TRY IT:
No pictures go into the output, which should consist only of the lines from the first line of the data through the line with "doc.linetypes.add('CONTINUO', pattern=[0])", copied exactly.

(Stored entries)
******************************
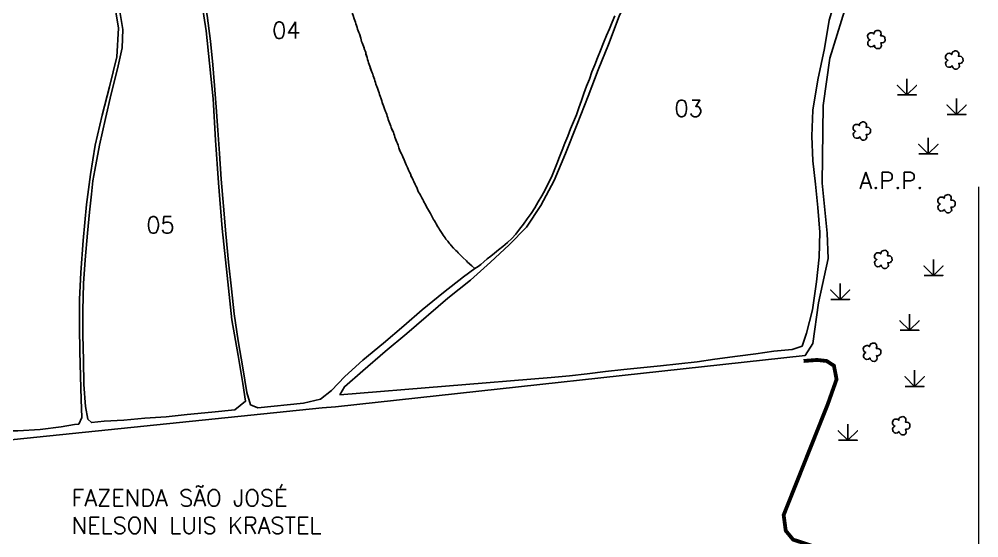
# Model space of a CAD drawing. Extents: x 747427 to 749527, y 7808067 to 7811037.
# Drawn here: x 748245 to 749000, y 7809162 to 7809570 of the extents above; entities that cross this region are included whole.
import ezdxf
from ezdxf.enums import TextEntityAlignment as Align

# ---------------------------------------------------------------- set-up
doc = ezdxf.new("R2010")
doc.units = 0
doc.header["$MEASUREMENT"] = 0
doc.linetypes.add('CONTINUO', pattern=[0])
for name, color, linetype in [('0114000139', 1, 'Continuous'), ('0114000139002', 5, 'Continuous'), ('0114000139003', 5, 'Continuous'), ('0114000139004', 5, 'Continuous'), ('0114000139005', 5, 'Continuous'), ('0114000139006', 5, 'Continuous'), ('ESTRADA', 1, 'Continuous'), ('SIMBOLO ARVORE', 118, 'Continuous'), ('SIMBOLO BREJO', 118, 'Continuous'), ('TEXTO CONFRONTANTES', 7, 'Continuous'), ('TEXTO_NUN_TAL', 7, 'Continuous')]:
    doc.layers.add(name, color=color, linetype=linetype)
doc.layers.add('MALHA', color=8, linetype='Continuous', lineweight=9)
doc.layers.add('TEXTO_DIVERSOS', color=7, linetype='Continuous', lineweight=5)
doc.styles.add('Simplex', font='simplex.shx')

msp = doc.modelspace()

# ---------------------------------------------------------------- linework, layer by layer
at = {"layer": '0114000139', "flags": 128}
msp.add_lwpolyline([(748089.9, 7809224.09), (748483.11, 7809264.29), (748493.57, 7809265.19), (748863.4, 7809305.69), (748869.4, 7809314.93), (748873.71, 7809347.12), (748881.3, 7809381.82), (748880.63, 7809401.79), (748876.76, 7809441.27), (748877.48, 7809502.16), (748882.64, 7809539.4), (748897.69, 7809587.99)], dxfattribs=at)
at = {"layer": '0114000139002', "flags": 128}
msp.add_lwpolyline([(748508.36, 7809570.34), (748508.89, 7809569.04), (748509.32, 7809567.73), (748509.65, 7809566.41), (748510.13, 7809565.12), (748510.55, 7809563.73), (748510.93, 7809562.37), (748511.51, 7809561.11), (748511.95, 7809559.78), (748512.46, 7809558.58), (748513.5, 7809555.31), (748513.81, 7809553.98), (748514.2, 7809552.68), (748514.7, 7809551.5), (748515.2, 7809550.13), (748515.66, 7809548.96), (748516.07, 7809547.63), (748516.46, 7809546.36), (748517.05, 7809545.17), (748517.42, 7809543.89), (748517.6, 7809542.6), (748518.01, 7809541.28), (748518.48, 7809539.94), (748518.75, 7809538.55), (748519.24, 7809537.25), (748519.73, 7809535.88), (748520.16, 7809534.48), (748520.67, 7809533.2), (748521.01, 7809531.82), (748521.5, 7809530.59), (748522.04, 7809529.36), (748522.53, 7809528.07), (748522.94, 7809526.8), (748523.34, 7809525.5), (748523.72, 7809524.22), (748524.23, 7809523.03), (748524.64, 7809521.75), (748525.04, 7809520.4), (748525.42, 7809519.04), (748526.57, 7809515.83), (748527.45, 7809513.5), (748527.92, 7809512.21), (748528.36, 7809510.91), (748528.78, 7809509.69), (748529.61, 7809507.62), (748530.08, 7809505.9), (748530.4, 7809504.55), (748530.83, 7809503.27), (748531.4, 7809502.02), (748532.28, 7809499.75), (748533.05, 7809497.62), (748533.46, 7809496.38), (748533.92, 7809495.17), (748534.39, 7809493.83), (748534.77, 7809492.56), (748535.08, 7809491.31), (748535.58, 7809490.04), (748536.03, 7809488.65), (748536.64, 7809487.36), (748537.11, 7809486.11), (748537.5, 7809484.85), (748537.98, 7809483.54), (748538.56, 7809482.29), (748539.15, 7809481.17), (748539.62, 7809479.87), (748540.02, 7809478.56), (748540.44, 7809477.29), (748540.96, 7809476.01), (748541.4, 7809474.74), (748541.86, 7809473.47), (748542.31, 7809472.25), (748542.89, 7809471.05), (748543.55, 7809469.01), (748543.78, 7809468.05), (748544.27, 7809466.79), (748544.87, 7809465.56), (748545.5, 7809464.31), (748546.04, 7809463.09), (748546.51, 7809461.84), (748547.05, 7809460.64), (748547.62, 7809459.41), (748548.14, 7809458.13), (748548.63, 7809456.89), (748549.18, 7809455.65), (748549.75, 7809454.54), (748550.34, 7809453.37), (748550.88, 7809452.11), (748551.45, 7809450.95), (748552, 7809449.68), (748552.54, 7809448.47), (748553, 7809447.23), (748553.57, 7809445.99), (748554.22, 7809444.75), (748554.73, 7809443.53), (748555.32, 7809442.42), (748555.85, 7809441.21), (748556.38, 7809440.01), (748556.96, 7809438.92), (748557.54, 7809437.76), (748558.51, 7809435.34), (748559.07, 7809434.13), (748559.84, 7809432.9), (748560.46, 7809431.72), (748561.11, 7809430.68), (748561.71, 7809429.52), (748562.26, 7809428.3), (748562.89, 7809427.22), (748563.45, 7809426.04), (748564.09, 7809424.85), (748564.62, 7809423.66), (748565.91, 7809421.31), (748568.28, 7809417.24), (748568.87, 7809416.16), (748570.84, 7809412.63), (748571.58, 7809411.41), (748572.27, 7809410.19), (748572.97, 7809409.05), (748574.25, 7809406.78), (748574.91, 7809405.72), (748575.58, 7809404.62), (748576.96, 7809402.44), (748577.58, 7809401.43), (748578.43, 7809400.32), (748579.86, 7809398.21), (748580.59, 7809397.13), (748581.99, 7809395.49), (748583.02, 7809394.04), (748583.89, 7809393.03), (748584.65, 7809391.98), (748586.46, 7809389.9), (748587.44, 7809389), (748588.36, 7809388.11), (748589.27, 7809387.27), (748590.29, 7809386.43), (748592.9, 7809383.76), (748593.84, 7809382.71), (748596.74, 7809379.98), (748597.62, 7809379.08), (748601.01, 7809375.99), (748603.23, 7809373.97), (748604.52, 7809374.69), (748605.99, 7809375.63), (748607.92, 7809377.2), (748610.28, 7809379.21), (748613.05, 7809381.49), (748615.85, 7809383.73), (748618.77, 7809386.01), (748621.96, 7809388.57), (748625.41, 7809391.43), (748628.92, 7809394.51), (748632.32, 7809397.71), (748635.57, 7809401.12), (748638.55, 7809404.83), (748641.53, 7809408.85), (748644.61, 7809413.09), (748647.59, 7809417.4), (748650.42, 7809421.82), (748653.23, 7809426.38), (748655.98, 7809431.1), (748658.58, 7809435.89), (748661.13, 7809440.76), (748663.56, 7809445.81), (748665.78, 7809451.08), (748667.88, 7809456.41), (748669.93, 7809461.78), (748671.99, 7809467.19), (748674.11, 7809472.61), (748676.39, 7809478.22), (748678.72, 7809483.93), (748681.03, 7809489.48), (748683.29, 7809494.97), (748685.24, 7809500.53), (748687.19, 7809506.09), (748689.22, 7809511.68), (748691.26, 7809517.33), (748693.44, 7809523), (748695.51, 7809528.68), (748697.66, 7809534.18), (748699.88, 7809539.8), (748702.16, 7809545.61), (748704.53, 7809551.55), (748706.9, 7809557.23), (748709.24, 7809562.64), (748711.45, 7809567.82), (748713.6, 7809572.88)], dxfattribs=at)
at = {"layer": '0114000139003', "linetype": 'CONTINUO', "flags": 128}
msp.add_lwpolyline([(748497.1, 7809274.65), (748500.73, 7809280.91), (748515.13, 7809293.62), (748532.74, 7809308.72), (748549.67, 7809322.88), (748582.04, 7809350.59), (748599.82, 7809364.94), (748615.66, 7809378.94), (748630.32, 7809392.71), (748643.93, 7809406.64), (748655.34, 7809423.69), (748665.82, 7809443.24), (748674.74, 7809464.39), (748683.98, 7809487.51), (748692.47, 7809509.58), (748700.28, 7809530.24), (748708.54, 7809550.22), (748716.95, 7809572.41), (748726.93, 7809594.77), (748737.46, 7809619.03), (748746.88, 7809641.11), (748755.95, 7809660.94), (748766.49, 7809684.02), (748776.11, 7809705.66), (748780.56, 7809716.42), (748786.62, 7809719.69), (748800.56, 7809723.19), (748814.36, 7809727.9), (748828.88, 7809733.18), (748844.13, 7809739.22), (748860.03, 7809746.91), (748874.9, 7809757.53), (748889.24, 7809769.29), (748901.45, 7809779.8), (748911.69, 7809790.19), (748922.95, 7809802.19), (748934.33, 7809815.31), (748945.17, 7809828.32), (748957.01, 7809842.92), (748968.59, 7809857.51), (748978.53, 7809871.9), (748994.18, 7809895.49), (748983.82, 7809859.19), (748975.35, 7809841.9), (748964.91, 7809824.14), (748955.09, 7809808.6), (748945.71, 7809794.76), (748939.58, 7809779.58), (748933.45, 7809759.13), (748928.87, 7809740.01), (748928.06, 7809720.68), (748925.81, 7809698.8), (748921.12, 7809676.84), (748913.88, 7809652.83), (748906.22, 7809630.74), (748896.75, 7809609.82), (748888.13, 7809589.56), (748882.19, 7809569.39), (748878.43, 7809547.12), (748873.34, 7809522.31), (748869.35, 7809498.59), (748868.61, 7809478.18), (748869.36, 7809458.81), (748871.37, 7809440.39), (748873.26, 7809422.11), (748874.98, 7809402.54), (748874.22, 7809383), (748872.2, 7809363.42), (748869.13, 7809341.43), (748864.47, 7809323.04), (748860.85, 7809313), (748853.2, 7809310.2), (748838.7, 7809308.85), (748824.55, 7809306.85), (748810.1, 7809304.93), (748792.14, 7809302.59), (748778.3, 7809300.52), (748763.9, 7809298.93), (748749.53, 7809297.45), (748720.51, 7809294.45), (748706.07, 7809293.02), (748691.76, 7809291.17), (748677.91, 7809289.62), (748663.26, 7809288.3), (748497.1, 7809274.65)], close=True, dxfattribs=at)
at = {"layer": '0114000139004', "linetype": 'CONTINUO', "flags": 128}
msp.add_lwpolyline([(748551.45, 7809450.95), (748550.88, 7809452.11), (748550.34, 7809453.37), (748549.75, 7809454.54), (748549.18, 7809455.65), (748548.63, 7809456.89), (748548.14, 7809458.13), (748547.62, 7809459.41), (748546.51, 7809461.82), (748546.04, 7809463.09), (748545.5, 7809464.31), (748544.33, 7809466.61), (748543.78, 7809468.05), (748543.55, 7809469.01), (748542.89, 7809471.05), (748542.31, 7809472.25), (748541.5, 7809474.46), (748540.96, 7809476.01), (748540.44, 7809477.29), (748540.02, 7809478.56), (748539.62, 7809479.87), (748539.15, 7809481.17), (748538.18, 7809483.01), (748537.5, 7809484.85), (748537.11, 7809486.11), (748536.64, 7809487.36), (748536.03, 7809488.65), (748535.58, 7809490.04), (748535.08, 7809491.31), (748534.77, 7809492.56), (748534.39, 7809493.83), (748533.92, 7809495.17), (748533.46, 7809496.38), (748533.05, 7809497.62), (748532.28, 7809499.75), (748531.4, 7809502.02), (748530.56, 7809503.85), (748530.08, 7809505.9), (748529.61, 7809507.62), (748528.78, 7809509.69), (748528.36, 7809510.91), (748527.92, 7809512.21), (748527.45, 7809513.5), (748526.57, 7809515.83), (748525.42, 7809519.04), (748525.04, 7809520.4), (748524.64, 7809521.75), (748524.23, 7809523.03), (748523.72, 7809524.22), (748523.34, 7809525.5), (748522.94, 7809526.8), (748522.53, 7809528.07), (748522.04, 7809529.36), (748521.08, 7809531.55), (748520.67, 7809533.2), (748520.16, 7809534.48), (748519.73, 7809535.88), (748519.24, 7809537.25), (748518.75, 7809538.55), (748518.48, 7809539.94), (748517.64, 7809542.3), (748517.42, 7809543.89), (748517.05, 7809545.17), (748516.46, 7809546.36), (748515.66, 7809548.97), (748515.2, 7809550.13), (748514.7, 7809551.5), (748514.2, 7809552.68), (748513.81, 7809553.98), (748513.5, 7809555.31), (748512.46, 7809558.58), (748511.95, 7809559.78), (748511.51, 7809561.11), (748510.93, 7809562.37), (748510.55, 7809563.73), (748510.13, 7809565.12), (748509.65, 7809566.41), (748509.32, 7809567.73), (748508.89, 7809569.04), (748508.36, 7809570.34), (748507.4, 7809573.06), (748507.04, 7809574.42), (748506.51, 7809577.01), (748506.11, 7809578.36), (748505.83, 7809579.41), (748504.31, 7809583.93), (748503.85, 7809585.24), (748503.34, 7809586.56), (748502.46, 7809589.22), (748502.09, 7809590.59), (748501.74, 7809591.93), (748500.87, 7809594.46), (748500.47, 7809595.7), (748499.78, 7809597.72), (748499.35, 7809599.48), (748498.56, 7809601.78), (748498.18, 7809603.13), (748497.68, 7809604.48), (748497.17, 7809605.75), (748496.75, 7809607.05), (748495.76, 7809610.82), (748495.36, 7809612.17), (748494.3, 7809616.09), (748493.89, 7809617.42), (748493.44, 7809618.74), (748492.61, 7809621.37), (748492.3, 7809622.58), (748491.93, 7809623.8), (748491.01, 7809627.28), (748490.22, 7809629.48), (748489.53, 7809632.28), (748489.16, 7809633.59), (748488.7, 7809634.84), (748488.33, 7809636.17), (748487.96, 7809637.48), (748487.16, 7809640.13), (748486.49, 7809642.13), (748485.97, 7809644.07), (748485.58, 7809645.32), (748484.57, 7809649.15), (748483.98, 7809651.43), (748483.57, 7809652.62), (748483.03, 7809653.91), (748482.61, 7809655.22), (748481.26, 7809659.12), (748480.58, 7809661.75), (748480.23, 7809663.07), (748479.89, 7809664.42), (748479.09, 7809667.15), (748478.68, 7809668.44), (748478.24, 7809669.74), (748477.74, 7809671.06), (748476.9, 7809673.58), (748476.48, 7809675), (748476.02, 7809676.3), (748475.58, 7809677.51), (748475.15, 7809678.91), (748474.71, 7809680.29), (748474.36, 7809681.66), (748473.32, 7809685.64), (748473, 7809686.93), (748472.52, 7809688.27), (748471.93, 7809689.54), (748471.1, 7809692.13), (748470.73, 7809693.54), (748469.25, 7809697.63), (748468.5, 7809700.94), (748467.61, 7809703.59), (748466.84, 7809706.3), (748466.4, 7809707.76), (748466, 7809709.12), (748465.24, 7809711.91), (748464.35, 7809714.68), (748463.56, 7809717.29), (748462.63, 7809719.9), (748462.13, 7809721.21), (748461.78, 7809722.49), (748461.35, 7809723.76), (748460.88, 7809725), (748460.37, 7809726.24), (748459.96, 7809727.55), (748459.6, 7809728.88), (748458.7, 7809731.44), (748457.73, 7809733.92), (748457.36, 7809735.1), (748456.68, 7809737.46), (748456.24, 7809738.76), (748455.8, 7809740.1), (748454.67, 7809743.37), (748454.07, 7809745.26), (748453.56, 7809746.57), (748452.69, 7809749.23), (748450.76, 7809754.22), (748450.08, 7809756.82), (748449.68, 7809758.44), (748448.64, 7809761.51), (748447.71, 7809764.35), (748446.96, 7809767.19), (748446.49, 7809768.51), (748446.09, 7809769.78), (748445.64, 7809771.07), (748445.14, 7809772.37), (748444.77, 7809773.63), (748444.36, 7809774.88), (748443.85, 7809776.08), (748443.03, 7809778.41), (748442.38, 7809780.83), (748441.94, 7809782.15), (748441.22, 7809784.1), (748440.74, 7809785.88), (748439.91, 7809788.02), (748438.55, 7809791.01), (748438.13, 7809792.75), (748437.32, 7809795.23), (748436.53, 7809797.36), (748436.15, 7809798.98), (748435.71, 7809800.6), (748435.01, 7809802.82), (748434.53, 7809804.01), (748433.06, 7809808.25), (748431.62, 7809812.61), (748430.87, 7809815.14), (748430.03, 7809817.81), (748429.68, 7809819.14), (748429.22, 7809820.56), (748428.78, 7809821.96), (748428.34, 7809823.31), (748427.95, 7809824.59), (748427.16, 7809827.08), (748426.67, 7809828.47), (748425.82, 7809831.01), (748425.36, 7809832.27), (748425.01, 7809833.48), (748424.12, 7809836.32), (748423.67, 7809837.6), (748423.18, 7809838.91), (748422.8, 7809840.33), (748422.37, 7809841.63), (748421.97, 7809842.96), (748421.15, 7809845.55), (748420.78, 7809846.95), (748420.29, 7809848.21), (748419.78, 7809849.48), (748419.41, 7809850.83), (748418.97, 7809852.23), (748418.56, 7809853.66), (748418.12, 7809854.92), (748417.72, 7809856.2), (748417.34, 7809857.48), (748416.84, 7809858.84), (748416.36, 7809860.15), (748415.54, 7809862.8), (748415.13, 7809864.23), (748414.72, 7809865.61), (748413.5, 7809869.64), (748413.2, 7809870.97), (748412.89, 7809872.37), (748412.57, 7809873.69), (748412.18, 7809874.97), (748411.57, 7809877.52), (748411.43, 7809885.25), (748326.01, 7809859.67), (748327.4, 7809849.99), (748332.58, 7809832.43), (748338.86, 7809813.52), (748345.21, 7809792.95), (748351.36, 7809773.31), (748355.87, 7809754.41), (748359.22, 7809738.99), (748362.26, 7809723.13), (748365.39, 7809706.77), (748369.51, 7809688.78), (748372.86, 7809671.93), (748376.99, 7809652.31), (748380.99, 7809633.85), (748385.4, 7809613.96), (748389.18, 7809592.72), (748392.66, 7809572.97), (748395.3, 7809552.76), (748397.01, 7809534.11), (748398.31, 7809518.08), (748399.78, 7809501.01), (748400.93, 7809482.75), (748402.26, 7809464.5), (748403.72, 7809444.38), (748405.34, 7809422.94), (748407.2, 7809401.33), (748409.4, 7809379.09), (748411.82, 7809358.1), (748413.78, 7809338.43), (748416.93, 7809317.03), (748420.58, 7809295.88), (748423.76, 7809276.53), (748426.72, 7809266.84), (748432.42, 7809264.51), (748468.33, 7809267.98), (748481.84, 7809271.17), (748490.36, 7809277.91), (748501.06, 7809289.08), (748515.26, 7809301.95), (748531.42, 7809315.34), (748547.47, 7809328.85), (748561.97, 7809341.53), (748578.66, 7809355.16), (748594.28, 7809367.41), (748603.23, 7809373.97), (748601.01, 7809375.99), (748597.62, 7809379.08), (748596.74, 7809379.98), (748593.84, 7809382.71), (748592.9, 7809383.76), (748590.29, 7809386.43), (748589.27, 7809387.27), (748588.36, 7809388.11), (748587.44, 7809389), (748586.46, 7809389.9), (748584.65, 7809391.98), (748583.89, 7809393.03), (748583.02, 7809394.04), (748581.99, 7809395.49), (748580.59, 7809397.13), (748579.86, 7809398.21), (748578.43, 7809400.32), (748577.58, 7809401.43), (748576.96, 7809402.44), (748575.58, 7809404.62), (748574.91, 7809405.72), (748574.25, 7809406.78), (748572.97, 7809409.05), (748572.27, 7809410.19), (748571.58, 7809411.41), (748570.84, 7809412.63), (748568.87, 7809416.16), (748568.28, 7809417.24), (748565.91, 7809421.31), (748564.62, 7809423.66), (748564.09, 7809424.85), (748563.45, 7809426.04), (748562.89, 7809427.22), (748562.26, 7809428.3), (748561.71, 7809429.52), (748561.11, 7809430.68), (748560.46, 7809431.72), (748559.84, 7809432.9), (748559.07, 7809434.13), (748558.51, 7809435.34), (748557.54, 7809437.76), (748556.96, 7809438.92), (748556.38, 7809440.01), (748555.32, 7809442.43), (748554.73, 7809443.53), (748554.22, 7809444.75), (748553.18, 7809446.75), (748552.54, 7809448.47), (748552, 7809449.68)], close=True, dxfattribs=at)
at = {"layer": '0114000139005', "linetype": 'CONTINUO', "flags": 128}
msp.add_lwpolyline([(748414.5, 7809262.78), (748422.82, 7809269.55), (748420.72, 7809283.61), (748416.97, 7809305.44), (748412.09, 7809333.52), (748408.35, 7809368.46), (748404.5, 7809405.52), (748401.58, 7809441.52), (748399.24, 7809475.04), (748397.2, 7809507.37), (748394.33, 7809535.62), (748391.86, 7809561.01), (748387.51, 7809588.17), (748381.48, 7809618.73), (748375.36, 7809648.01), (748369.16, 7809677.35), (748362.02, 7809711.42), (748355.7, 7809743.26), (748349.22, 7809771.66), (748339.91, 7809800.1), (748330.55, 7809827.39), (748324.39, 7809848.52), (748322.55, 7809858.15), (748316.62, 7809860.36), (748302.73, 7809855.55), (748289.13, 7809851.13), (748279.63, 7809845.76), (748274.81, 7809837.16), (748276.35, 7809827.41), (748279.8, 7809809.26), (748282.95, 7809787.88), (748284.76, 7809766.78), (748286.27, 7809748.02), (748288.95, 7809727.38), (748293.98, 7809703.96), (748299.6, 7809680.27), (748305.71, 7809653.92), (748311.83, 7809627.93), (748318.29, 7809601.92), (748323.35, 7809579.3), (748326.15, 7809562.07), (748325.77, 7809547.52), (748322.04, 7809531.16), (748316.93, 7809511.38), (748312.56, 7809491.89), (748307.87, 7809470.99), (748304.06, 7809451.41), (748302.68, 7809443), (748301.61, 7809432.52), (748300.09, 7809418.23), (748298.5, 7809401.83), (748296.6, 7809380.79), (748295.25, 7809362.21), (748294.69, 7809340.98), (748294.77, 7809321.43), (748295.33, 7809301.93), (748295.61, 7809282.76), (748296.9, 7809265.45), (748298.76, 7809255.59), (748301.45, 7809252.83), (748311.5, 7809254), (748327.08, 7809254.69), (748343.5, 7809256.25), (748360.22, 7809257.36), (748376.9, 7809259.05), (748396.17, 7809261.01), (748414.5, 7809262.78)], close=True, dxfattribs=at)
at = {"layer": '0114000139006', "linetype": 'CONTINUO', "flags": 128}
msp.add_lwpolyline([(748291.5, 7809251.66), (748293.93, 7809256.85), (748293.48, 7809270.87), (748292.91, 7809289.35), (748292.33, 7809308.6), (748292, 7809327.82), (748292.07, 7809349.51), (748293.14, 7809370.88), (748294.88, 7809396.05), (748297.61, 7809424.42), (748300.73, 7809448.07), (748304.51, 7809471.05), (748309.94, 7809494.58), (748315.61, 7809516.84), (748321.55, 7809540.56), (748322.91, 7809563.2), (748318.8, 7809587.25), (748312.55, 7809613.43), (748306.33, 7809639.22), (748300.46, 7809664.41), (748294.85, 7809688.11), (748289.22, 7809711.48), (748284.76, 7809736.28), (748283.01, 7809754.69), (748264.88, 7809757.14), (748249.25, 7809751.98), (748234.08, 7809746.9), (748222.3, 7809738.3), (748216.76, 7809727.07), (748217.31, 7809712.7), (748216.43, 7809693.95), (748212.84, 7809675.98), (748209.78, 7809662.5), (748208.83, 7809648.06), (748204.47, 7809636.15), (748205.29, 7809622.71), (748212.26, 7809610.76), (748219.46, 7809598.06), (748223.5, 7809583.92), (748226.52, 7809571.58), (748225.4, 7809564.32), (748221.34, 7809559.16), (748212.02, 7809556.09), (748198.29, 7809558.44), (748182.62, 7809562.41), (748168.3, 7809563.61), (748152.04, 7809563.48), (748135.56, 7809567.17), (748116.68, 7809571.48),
******************************
RESPONSE BELOW:
# Model space of a CAD drawing. Extents: x 747427 to 749527, y 7808067 to 7811037.
# Drawn here: x 748245 to 749000, y 7809162 to 7809570 of the extents above; entities that cross this region are included whole.
import ezdxf
from ezdxf.enums import TextEntityAlignment as Align

# ---------------------------------------------------------------- set-up
doc = ezdxf.new("R2010")
doc.units = 0
doc.header["$MEASUREMENT"] = 0
doc.linetypes.add('CONTINUO', pattern=[0])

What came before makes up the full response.